Each tyre variant has roughly 60 data points, ranging from compound viscosity to machine parameters. In the past, employees mapped these points manually on spreadsheets to predict how the rubber would behave. This non-linear calculation was often inaccurate and required up to three physical trials to get it right. This iterative process resulted in longer time to take products to market and generated compound scrappage.

To address this, the company deployed a machine learning model based on Gaussian process regression. This system predicts accurate die dimensions, and has resulted in a 37% reduction in time-to-market and a 30% reduction in wastage.
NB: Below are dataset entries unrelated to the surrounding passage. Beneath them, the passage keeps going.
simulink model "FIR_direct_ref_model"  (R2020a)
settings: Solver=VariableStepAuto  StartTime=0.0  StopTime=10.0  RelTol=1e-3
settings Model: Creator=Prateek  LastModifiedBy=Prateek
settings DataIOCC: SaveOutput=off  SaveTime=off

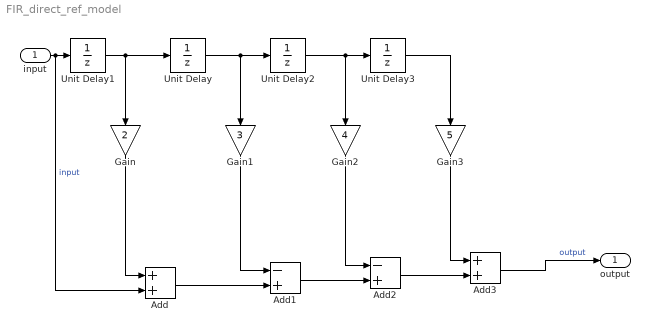
== system FIR_direct_ref_model ==
  input : Inport  OutDataTypeStr=double  PortDimensions=1  SampleTime=[0,1]
  Add : Sum
  Add1 : Sum  Inputs=-+
  Add2 : Sum  Inputs=-+
  Add3 : Sum
  Gain : Gain  Gain=2
  Gain1 : Gain  Gain=3
  Gain2 : Gain  Gain=4
  Gain3 : Gain  Gain=5
  Unit Delay{,1..3} (4 alike) : UnitDelay  SampleTime=-1  HasFrameUpgradeWarning=on
  output : Outport  OutDataTypeStr=double  PortDimensions=1  SampleTime=[0,1]
  wires:
  Add1/1 -> Add2/2
  Gain/1 -> Add/1
  Unit Delay1/1 -> Gain/1, Unit Delay/1
  Add/1 -> Add1/2
  Unit Delay/1 -> Unit Delay2/1, Gain1/1
  Add2/1 -> Add3/2
  Unit Delay2/1 -> Unit Delay3/1, Gain2/1
  Gain1/1 -> Add1/1
  Unit Delay3/1 -> Gain3/1
  Gain3/1 -> Add3/1
  Gain2/1 -> Add2/1
  input/1 -> Unit Delay1/1, Add/2  "input"
  Add3/1 -> output/1  "output"

Roy has also deployed AI models and solutions for export container optimisation and machine performance management. His team has built an agentic AI solution that helps junior engineers quickly understand what is wrong when a machine breaks down. It converts unstructured breakdown resolution videos into a searchable knowledge base, and retrieves past solutions via a conversational chatbot. This has enhanced troubleshooting efficiency.
WEF Lighthouse
The initiatives have brought cultural shifts where employees are encouraged to think in data driven terms. Teams regularly attend external conferences and hackathons to learn best-in-class technologies. They evaluate if a production issue is a valid business problem and whether usable data exists before developing AI use cases. The technology at the Chennai factory has been validated by experts from IIT Madras and recognised with a Lighthouse certification from the World Economic Forum. The Lighthouse awards are given to leaders in the field of technology-driven industrial transformation.

Big productivity gains
The digital initiatives have resulted in improved yields and lower energy usage, and that in turn has reduced factory conversion costs (total expense required to transform raw materials into finished products) by 20-30%. The time from order placement to dispatch has been cut by more than half, while export turnaround times have dropped from 120 days to 55 days.
DECENTRALISED DIGITAL TEAMS
CEAT has built the tech solutions ground up with internal teams, and is thanks to digitisation efforts that began in 2021, involving the installation of sensors, manufacturing execution systems and dashboards. The company now invests 10% of its manufacturing capital expenditure on digital transformation initiatives. To bridge the gap between technical teams and shop-floor reality, it introduced a new role called business translators. These are folks with strong technical skills and work directly with shop floor operators to identify pain points. Debashish Roy , chief digital transformation officer, says it’s a decentralised digital team. Centralised teams, he says, may take years to learn a process.